On Tue, May 13, 2014 at 10:39 PM, Jarno van Driel
<jarnovandriel@gmail.com>wrote:

> +1
>
> If nobody sees any trouble with it I'll mute myself than. I was just
> thinking out loud.   :)
>
>
> 2014-05-13 22:31 GMT+02:00 martin.hepp@ebusiness-unibw.org <
> martin.hepp@ebusiness-unibw.org>:
>
> +1
>>
>> Let's not mix a mechanism for preserving ordered list with one for basic
>> notions of meronomy (part-whole relationships). A list of parts can be
>> ordered or unordered. An ordered list can reflect part-whole relationships
>> or not. These are different perspectives.
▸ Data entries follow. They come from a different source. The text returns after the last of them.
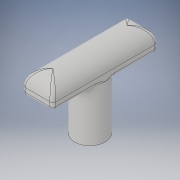
# Autodesk Inventor part: poop tray handle ver1
Saved by Autodesk Inventor 2019 (Build 230136000, 136)
## iProperties
Created: 2019-03-25
Part Number: poop tray handle ver1
Material: Generic
Document SubType Name: Modeling
Designer: aonih
Density: 1 g/cm^3
Appearance: Default
Author: aonih
Autodesk Inventor part; units mm, degrees
ref_plane "YZ Plane" through (0, 0, 0) normal (1, 0, 0) x (0, 1, 0)
ref_plane "XZ Plane" through (0, 0, 0) normal (0, 1, 0) x (-1, 0, 0)
ref_plane "XY Plane" through (0, 0, 0) normal (0, 0, 1) x (1, 0, 0)
sketch "Sketch1" plane through (0, 0, 0) normal (0, 1, 0) x (-1, 0, 0)
  circle A0 centre (0, 0) radius 5.1
  line L0 (0, 0) -> (-3.6062, -3.6062) construction
  line L1 (0, 0) -> (5.1, 0) construction
  line L2 (0, 0) -> (3.6062, 3.6062) construction
  line L3 (0, 0) -> (3.6062, -3.6062) construction
  line L4 (0, 0) -> (-3.6062, 3.6062) construction
  circle A1 centre (0, 0) radius 2.1 construction
  dimension "d7" = 135
  dimension "d8" = 5.1
  dimension "d9" = 4.2
  dimension "d10" = 3
  constraints: 10 end point, 4 point on circle, 2 centre point, 2 coincident, 1 collinear, 1 equal length, 1 horizontal, 1 perpendicular, 1 point on line
  measures "d7" angle of L0 L1
  measures "d8" distance of L0.start L0.end
  measures "d9" diameter of A1
  measures "d10" radial gap between concentric circles of A0 A1
extrude "Extrusion1" add sketch "Sketch1" along normal blind 17.5
sketch "Sketch2" plane through (0, 17.5, 0) normal (0, 1, 0) x (1, 0, 0)
  line L0 (5.1, 17.5) -> (-5.1, 17.5)
  line L1 (-5.1, 17.5) -> (-5.1, -17.5)
  line L2 (-5.1, -17.5) -> (5.1, -17.5)
  line L3 (5.1, -17.5) -> (5.1, 17.5)
  line L4 (5.1, 17.5) -> (-5.1, -17.5) construction
  line L5 (-5.1, 17.5) -> (5.1, -17.5) construction
  circle A0 centre (0, 0) radius 5.1 projected
  point P0 (-5.1, 0)
  dimension "d3" = 17.5
  dimension "d19" = 10.2
  constraints: 12 end point, 2 midpoint, 2 parallel, 1 horizontal, 1 horizontal alignment, 1 perpendicular, 1 other
  measures "d3" distance from line of point (0, 0) L2
  measures "d19" distance of L0.start L0.end
extrude "Extrusion2" add sketch "Sketch2" along normal blind 7.5
fillet "Fillet1" radius 5.1 4 edges at (5.1, 25, 0) (-5.1, 25, 0) (0, 25, 17.5) (0, 25, -17.5)
sketch "Sketch3" plane through (0, 0, 0) normal (0, -1, 0) x (1, 0, 0)
  line L0 (0, 0) -> (3.6062, -3.6062) construction
  circle A0 centre (0, 0) radius 5.1 construction
  line L1 (0, 0) -> (5.1, 0) construction
  dimension "d11" = 45
  constraints: 4 end point, 1 equal length, 1 horizontal, 2 other
  measures "d11" angle of L0 L1
hole "Hole1" at (0, 0, 0) direction (0, 1, 0) diameter 4.2 depth 8 tip angle 118
fillet "Fillet2" radius 1 4 edges at (5.1, 17.5, 8.75) (-5.1, 17.5, 8.75) (5.1, 17.5, -8.75) (-5.1, 17.5, -8.75)
fillet "Fillet3" radius 1 16 edges at (4.8071, 17.7929, 17.5) (5.1, 19.2001, 17.5) (3.6063, 23.5063, 16.0063) (0, 25, 12.4001) (-4.8071, 17.7929, 17.5) (-5.1, 19.2001, 17.5) (-3.6063, 23.5063, 16.0063) (0, 17.5, 17.5) (-4.8071, 17.7929, -17.5) (-5.1, 19.2001, -17.5) (0, 25, -12.4001) (-3.6063, 23.5063, -16.0063) (4.8071, 17.7929, -17.5) (5.1, 19.2001, -17.5) (3.6063, 23.5063, -16.0063) (0, 17.5, -17.5)
thread "Thread1" size "M5x0.8" class "6H" standard "ANSI Metric M Profile" full length
body "Solid1"
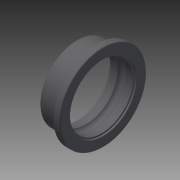
# Autodesk Inventor part: MF74ZZ Outer Ring
Saved by Autodesk Inventor 2014 SP2 (Build 180246200, 246)
## iProperties
Created: 2019-11-12
Part Number: MF74ZZ Outer Ring
Material: Generic
Catalog Web Link: www.cadenas.de
Description: shielded_type_zz_zzs_OR-
Vendor: NSK_RB
Document SubType Name: Modeling
Designer: psadmin
Manufacturer: NSK_RB
Mass: 0.031075 g
Surface Area: 1.54949 cm^2
Volume: 0.031075 cm^3
Density: 1 g/cm^3
Appearance: PSOLRGB-128-128-128
Category: PARTsolutions
Company: NSK_RB
Title: MF74ZZ Outer Ring
Author: Cadenas PARTsolutions
PSOL_IDENT_0: {$CADENAS_DATA\23d-libs\nsk_rb\roller_bearings\deep_groove_bb\exstra_small_miniatur_bb\metric_design
PSOL_IDENT_1: _with_flange\shielded_type_zz_zzs_or1.prj},192 {VTYP=3D},{NB=MF74ZZ Outer Ring},{LINA=MF74ZZ Outer R
PSOL_IDENT_2: ing},{NN=shielded_type_zz_zzs_OR},{DATE=16.01.2019 01:41:14},{GEOMDATE=04.01.2008 00:00:00},{VERSION=
PSOL_IDENT_3: },{LINEID=290},{WBVAR=},{WBNUMERIC=}  {NB=MF74ZZ Outer Ring},{LINA=MF74ZZ Outer Ring},{KT=DUMMY},{ID
PSOL_IDENT_4: NR=},{STAN=},{ORDER=MF74ZZ},{SD=4.0},{X=4.0},{D=7},{DD=7},{DD1=0.0},{D2=8.2},{DD2=8.2},{B=0.0},{B1=2
PSOL_IDENT_5: .5},{CC1=0.0},{C2=0.6},{CC2=0.6},{R=0.00},{R1=0.10},{DI1=4.80},{DI2=4.80},{SDE1=6.00},{SDE2=6.30},{C
PSOL_IDENT_6: R1=255},{COR1=107},{CR2=26},{COR2=11.0},{LG=60000},{LO=67000},{DA=0.0},{DB=4.8},{RA=0.00},{RB=0.10},
PSOL_IDENT_7: {MASS=0.35},{SC=1}
NN: shielded_type_zz_zzs_OR
NB: MF74ZZ Outer Ring
NBSYN: $ORDER. Outer Ring
LINA: MF74ZZ Outer Ring
ORDER: MF74ZZ
SD: 4
X: 4
D: 7
DD: 7
DD1: 0
D2: 8.2
DD2: 8.2
B: 0
B1: 2.5
CC1: 0
C2: 0.6
CC2: 0.6
R: 0
R1: 0.1
DI1: 4.8
DI2: 4.8
SDE1: 6
SDE2: 6.3
CR1: 255
COR1: 107
CR2: 26
COR2: 11
LG: 60000
LO: 67000
DA: 0
DB: 4.8
RA: 0
RB: 0.1
MASS: 0.35
SC: 1
SUPPLIER: NSK_RB
ARTICLENO: MF74ZZ Outer Ring
BOMINFO: MF74ZZ Outer Ring
CREATOR: CADENAS GmbH
Autodesk Inventor part; units mm, degrees
sketch "Sketch_1" plane through (0, 0, 0) normal (0, 0, 1) x (1, 0, 0)
  line L0 (2.5, 0) -> (0, 0)
  line L1 (0, 3.15) -> (0.1562, 3.15)
  line L2 (0.1562, 3.15) -> (0.1562, 3)
  line L3 (0.1562, 3) -> (0.8758, 3)
  arc A0 (1.6242, 3) -> (0.8758, 3) centre (1.25, 2.75) ccw
  line L4 (1.6242, 3) -> (2.3438, 3)
  line L5 (2.3438, 3) -> (2.3438, 3.15)
  line L6 (2.3438, 3.15) -> (2.5, 3.15)
  line L7 (2.5, 3.15) -> (2.5, 4)
  arc A1 (2.5, 4) -> (2.4, 4.1) centre (2.4, 4) ccw
  line L8 (2.4, 4.1) -> (1.9, 4.1)
  line L9 (1.9, 4.1) -> (1.9, 3.5)
  line L10 (1.9, 3.5) -> (0.1, 3.5)
  arc A2 (0.1, 3.5) -> (0, 3.4) centre (0.1, 3.4) ccw
  line L11 (0, 3.4) -> (0, 3.15)
  constraints: 24 end point, 6 point on circle, 3 centre point
revolve "Revolution1" add sketch "Sketch_1" angle 360 about axis through (2.5, 0, 0) along (1, 0, 0)
ref_plane "ip_st_1_XY" through (0, 0, 0) normal (1, 0, 0) x (0, 0, -1)
ref_plane "ip_st_1_YZ" through (0, 0, 0) normal (0, 0, -1) x (0, 1, 0)
ref_plane "ip_st_1_ZX" through (0, 0, 0) normal (0, 1, 0) x (1, 0, 0)
ref_plane "ip_st_2_XY" through (2.3438, 0, 0) normal (-1, 0, 0) x (0, 0, -1)
ref_plane "ip_st_2_YZ" through (2.3438, 0, 0) normal (0, 0, -1) x (0, -1, 0)
ref_plane "ip_st_2_ZX" through (2.3438, 0, 0) normal (0, -1, 0) x (-1, 0, 0)
body "Solid1"
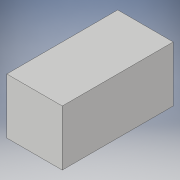
# Autodesk Inventor part: 1x2 beam
Saved by Autodesk Inventor 2019 (Build 230136000, 136)
## iProperties
Created: 2020-03-28
Part Number: 1x2 beam
Material: Generic
Document SubType Name: Modeling
Designer: q
Density: 1 g/cm^3
Appearance: Default
Author: q
Autodesk Inventor part; units mm, degrees
ref_plane "YZ Plane" through (0, 0, 0) normal (1, 0, 0) x (0, 1, 0)
ref_plane "XZ Plane" through (0, 0, 0) normal (0, 1, 0) x (-1, 0, 0)
ref_plane "XY Plane" through (0, 0, 0) normal (0, 0, 1) x (1, 0, 0)
sketch "Sketch1" plane through (0, 0, 0) normal (1, 0, 0) x (0, 1, 0)
  line L0 (0, 0) -> (250, 0)
  line L1 (250, 0) -> (250, -500)
  line L2 (250, -500) -> (0, -500)
  line L3 (0, -500) -> (0, 0)
  dimension "d0" = 250
  dimension "d1" = 500
  constraints: 8 end point, 2 parallel, 1 horizontal, 1 perpendicular
  measures "d0" distance of L1.end L2.end
  measures "d1" distance of L0.end L1.end
extrude "Extrusion1" add sketch "Sketch1" along normal blind 250
body "Solid1"
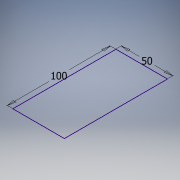
# Autodesk Inventor part: Mid
Saved by Autodesk Inventor 2019 (Build 230136000, 136)
## iProperties
Created: 2019-11-04
Part Number: Mid
Material: Generic
Document SubType Name: Modeling
Designer: Mark
Density: 1 g/cm^3
Appearance: Default
Author: Mark
Autodesk Inventor part; units mm, degrees
ref_plane "YZ Plane" through (0, 0, 0) normal (1, 0, 0) x (0, 1, 0)
ref_plane "XZ Plane" through (0, 0, 0) normal (0, 1, 0) x (-1, 0, 0)
ref_plane "XY Plane" through (0, 0, 0) normal (0, 0, 1) x (1, 0, 0)
sketch "Sketch1" plane through (0, 0, 0) normal (0, 1, 0) x (-1, 0, 0)
  line L0 (50, -10) -> (-50, -10)
  line L1 (-50, -10) -> (-50, 10)
  line L2 (-50, 10) -> (50, 10)
  line L3 (50, 10) -> (50, -10)
  line L4 (50, -10) -> (-50, 10) construction
  line L5 (-50, -10) -> (50, 10) construction
  line L6 (48, -8) -> (-48, -8)
  line L7 (-48, -8) -> (-48, 8)
  line L8 (-48, 8) -> (48, 8)
  line L9 (48, 8) -> (48, -8)
  line L10 (48, -8) -> (-48, 8) construction
  line L11 (-48, -8) -> (48, 8) construction
  point P0 (0, 0)
  dimension "d2" = 100
  dimension "d3" = 20
  dimension "d4" = 96
  dimension "d5" = 16
  constraints: 24 end point, 4 midpoint, 4 parallel, 2 horizontal, 2 perpendicular
  measures "d2" distance of L1.end L2.end
  measures "d3" distance of L0.end L1.end
  measures "d4" distance of L7.end L8.end
  measures "d5" distance of L6.end L7.end
extrude "Extrusion1" add sketch "Sketch1" along normal blind 448
body "Solid1"
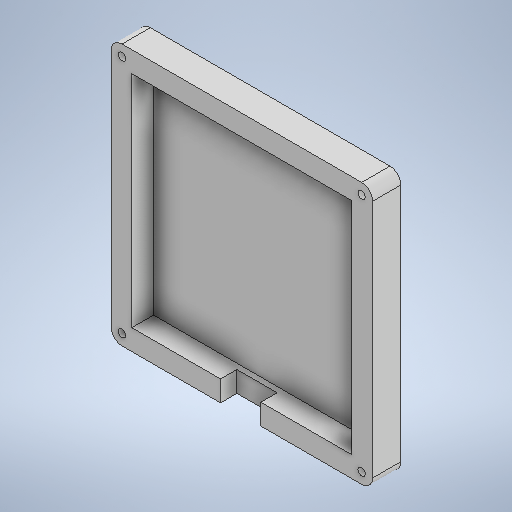
# Autodesk Inventor part: Bottom_Case_New
Saved by Autodesk Inventor 2025.1 (Build 291241000, 241)
## iProperties
Created: 2025-12-17
Part Number: Bottom_Case_New
Material: Generic
Document SubType Name: Modeling
Designer: omara
Density: 1 g/cm^3
Appearance: Default
Author: omara
Autodesk Inventor part; units mm, degrees
ref_plane "YZ Plane" through (0, 0, 0) normal (1, 0, 0) x (0, 1, 0)
ref_plane "XZ Plane" through (0, 0, 0) normal (0, 1, 0) x (-1, 0, 0)
sketch "Sketch1" plane through (0, 0, 0) normal (0, 0, 1) x (1, 0, 0)
  line L0 (0, 0) -> (101, 0)
  line L1 (101, 0) -> (101, 101)
  line L2 (101, 101) -> (0, 101)
  line L3 (0, 101) -> (0, 0)
  line L4 (-9.5, 110.5) -> (110.5, 110.5)
  line L5 (110.5, 110.5) -> (110.5, -9.5)
  line L6 (110.5, -9.5) -> (-9.5, -9.5)
  line L7 (-9.5, -9.5) -> (-9.5, 110.5)
  circle A0 centre (-4.5, 105.5) radius 1.7
  circle A1 centre (105.5, 105.5) radius 1.7
  circle A2 centre (105.5, -4.5) radius 1.7
  circle A3 centre (-4.5, -4.5) radius 1.7
  circle A4 centre (-4.5, -4.5) radius 3
  circle A5 centre (-4.5, 105.5) radius 3
  circle A6 centre (105.5, 105.5) radius 3
  circle A7 centre (105.5, -4.5) radius 3
  dimension "d0" = 101
  dimension "d1" = 101
  dimension "d2" = 120
  dimension "d3" = 120
  dimension "d4" = 9.5
  dimension "d5" = 9.5
  dimension "d6" = 3.4
  dimension "d7" = 3.4
  dimension "d8" = 3.4
  dimension "d9" = 3.4
  dimension "d10" = 5
  dimension "d11" = 5
  dimension "d12" = 5
  dimension "d13" = 5
  dimension "d14" = 5
  dimension "d15" = 5
  dimension "d16" = 5
  dimension "d17" = 5
  dimension "d18" = 6
  dimension "d19" = 6
  dimension "d20" = 6
  dimension "d21" = 6
  constraints: 16 end point, 8 centre point, 4 coincident, 4 parallel, 2 horizontal, 2 perpendicular
  measures "d0" distance of L2.end L1.end
  measures "d1" distance of L1.end L0.end
  measures "d2" distance of L5.end L6.end
  measures "d3" distance of L4.end L5.end
  measures "d4" distance between parallel lines of L4 L2
  measures "d5" distance between parallel lines of L7 L3
  measures "d6" diameter of A0
  measures "d7" diameter of A1
  measures "d8" diameter of A2
  measures "d9" diameter of A3
  measures "d10" distance from line of L7 A0.centre
  measures "d11" distance from line of L4 A0.centre
  measures "d12" distance from line of L5 A1.centre
  measures "d13" distance from line of L4 A1.centre
  measures "d14" distance from line of L5 A2.centre
  measures "d15" distance from line of L6 A2.centre
  measures "d16" distance from line of L6 A3.centre
  measures "d17" distance from line of L7 A3.centre
  measures "d18" diameter of A4
  measures "d19" diameter of A5
  measures "d20" diameter of A6
  measures "d21" diameter of A7
extrude "Extrusion1" add sketch "Sketch1" along normal blind 3 contours L3 L2 L1 L0
extrude "Extrusion2" add sketch "Sketch1" along normal blind 13 contours L4 L5 L6 L7
ref_plane "Work Plane2" through (0, 0, 3.1) normal (0, 0, -1) x (-1, 0, 0)
sketch "Sketch3" plane through (0, 0, 3) normal (0, 0, 1) x (1, 0, 0)
  circle A0 centre (-4.5, -4.5) radius 1.7 projected
  circle A1 centre (-4.5, -4.5) radius 3 projected
  circle A2 centre (105.5, -4.5) radius 1.7 projected
  circle A3 centre (105.5, -4.5) radius 3 projected
  circle A4 centre (105.5, 105.5) radius 3 projected
  circle A5 centre (105.5, 105.5) radius 1.7 projected
  circle A6 centre (-4.5, 105.5) radius 1.7 projected
  circle A7 centre (-4.5, 105.5) radius 3 projected
  point P0 (0, 0)
extrude "Extrusion4" add sketch "Sketch3" along normal blind 10
sketch "Sketch4" plane through (0, 0, 13) normal (0, 0, 1) x (1, 0, 0)
  line L0 (-9.5, -9.5) -> (110.5, -9.5) projected
  line L1 (101, 0) -> (0, 0) projected
  line L2 (59.245, -9.5) -> (40.745, -9.5)
  line L3 (40.745, -9.5) -> (40.745, 0)
  line L4 (40.745, 0) -> (59.245, 0)
  line L5 (59.245, 0) -> (59.245, -9.5)
  line L6 (110.5, -9.5) -> (110.5, 110.5) projected
  dimension "d32" = 18.5
  dimension "d33" = 51.255
  constraints: 8 end point, 2 parallel, 2 point on line, 1 horizontal, 1 perpendicular
  measures "d32" distance of L3.end L4.end
  measures "d33" distance between parallel lines of L6 L5
extrude "Extrusion5" cut sketch "Sketch4" against normal blind 7.5
fillet "Fillet1" radius 5 4 edges at (-9.5, 110.5, 6.5) (110.5, 110.5, 6.5) (110.5, -9.5, 6.5) (-9.5, -9.5, 6.5)
sketch "Sketch5" plane through (0, 0, 0) normal (0, 0, -1) x (-1, 0, 0)
  line L0 (-64.5, 108.5355) -> (-36.5, 108.5355) construction
  line L1 (-36.5, 108.5355) -> (-36.5, 104.5094) construction
  line L2 (-36.5, 104.5094) -> (-64.5, 104.5094) construction
  line L3 (-64.5, 104.5094) -> (-64.5, 108.5355) construction
  line L4 (-110.5, -4.5) -> (-110.5, 105.5) projected
  line L5 (9.5, 105.5) -> (9.5, -4.5) projected
  spline S0 degree 2 poles (-62.0349, 108.0514) (-61.862, 107.8488) (-61.6694, 107.256) (-61.6694, 106.8756) knots 0 0 0 1 2 2 2
  spline S1 degree 2 poles (-61.6694, 106.8756) (-61.6694, 106.5051) (-61.8571, 105.9049) (-62.0349, 105.7024) knots 0 0 0 1 2 2 2
  spline S2 degree 2 poles (-62.0349, 105.7024) (-62.2226, 105.49) (-62.7191, 105.2874) (-63.018, 105.2874) knots 0 0 0 1 2 2 2
  spline S3 degree 2 poles (-63.018, 105.2874) (-63.3267, 105.2874) (-63.8207, 105.4974) (-64.0011, 105.7024) knots 0 0 0 1 2 2 2
  spline S4 degree 2 poles (-64.0011, 105.7024) (-64.1764, 105.9049) (-64.3641, 106.5002) (-64.3641, 106.8756) knots 0 0 0 1 2 2 2
  spline S5 degree 2 poles (-64.3641, 106.8756) (-64.3641, 107.2585) (-64.174, 107.8414) (-63.9986, 108.0514) knots 0 0 0 1 2 2 2
  spline S6 degree 2 poles (-63.9986, 108.0514) (-63.8207, 108.2539) (-63.3243, 108.4639) (-63.018, 108.4639) knots 0 0 0 1 2 2 2
  spline S7 degree 2 poles (-63.018, 108.4639) (-62.7068, 108.4639) (-62.2078, 108.2465) (-62.0349, 108.0514) knots 0 0 0 1 2 2 2
  spline S8 degree 2 poles (-62.0917, 106.8756) (-62.0917, 107.177) (-62.2226, 107.6438) (-62.3412, 107.797) knots 0 0 0 1 2 2 2
  spline S9 degree 2 poles (-62.3412, 107.797) (-62.4622, 107.955) (-62.8031, 108.1131) (-63.0155, 108.1131) knots 0 0 0 1 2 2 2
  spline S10 degree 2 poles (-63.0155, 108.1131) (-63.2354, 108.1131) (-63.5663, 107.96) (-63.6923, 107.797) knots 0 0 0 1 2 2 2
  spline S11 degree 2 poles (-63.6923, 107.797) (-63.8133, 107.6414) (-63.9418, 107.172) (-63.9418, 106.8756) knots 0 0 0 1 2 2 2
  spline S12 degree 2 poles (-63.9418, 106.8756) (-63.9418, 106.2754) (-63.4379, 105.6382) (-63.0155, 105.6382) knots 0 0 0 1 2 2 2
  spline S13 degree 2 poles (-63.0155, 105.6382) (-62.5931, 105.6382) (-62.0917, 106.2754) (-62.0917, 106.8756) knots 0 0 0 1 2 2 2
  line L6 (-61.5533, 105.3516) -> (-60.5257, 108.3996)
  line L7 (-60.5257, 108.3996) -> (-60.0268, 108.3996)
  line L8 (-60.0268, 108.3996) -> (-58.9993, 105.3516)
  line L9 (-58.9993, 105.3516) -> (-59.4266, 105.3516)
  line L10 (-59.4266, 105.3516) -> (-59.7032, 106.2038)
  line L11 (-59.7032, 106.2038) -> (-60.8666, 106.2038)
  line L12 (-60.8666, 106.2038) -> (-61.1432, 105.3516)
  line L13 (-61.1432, 105.3516) -> (-61.5533, 105.3516)
  line L14 (-59.8144, 106.5496) -> (-60.2862, 107.9847)
  line L15 (-60.2862, 107.9847) -> (-60.7555, 106.5496)
  line L16 (-60.7555, 106.5496) -> (-59.8144, 106.5496)
  line L17 (-58.3497, 108.5355) -> (-58.4386, 107.3499)
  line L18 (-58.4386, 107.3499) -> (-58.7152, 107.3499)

>> Of course, depending on the notion of parthood, elements in a list are
>> parts of the list (or not), but this is not the important aspect here.
>>
>> Martin
>>
>>
>>
>> On 13 May 2014, at 22:25, Thad Guidry <thadguidry@gmail.com> wrote:
>>
>> >
>> > On Tue, May 13, 2014 at 2:35 PM, Jarno van Driel <
>> jarnovandriel@gmail.com> wrote:
>> > Got it, thanks. And I can live with that just fine.
>> >
>> > Now I also was just looking at the periodicals proposal (
>> https://www.w3.org/wiki/WebSchemas/Periodicals,_Articles_and_Multi-volume_Works)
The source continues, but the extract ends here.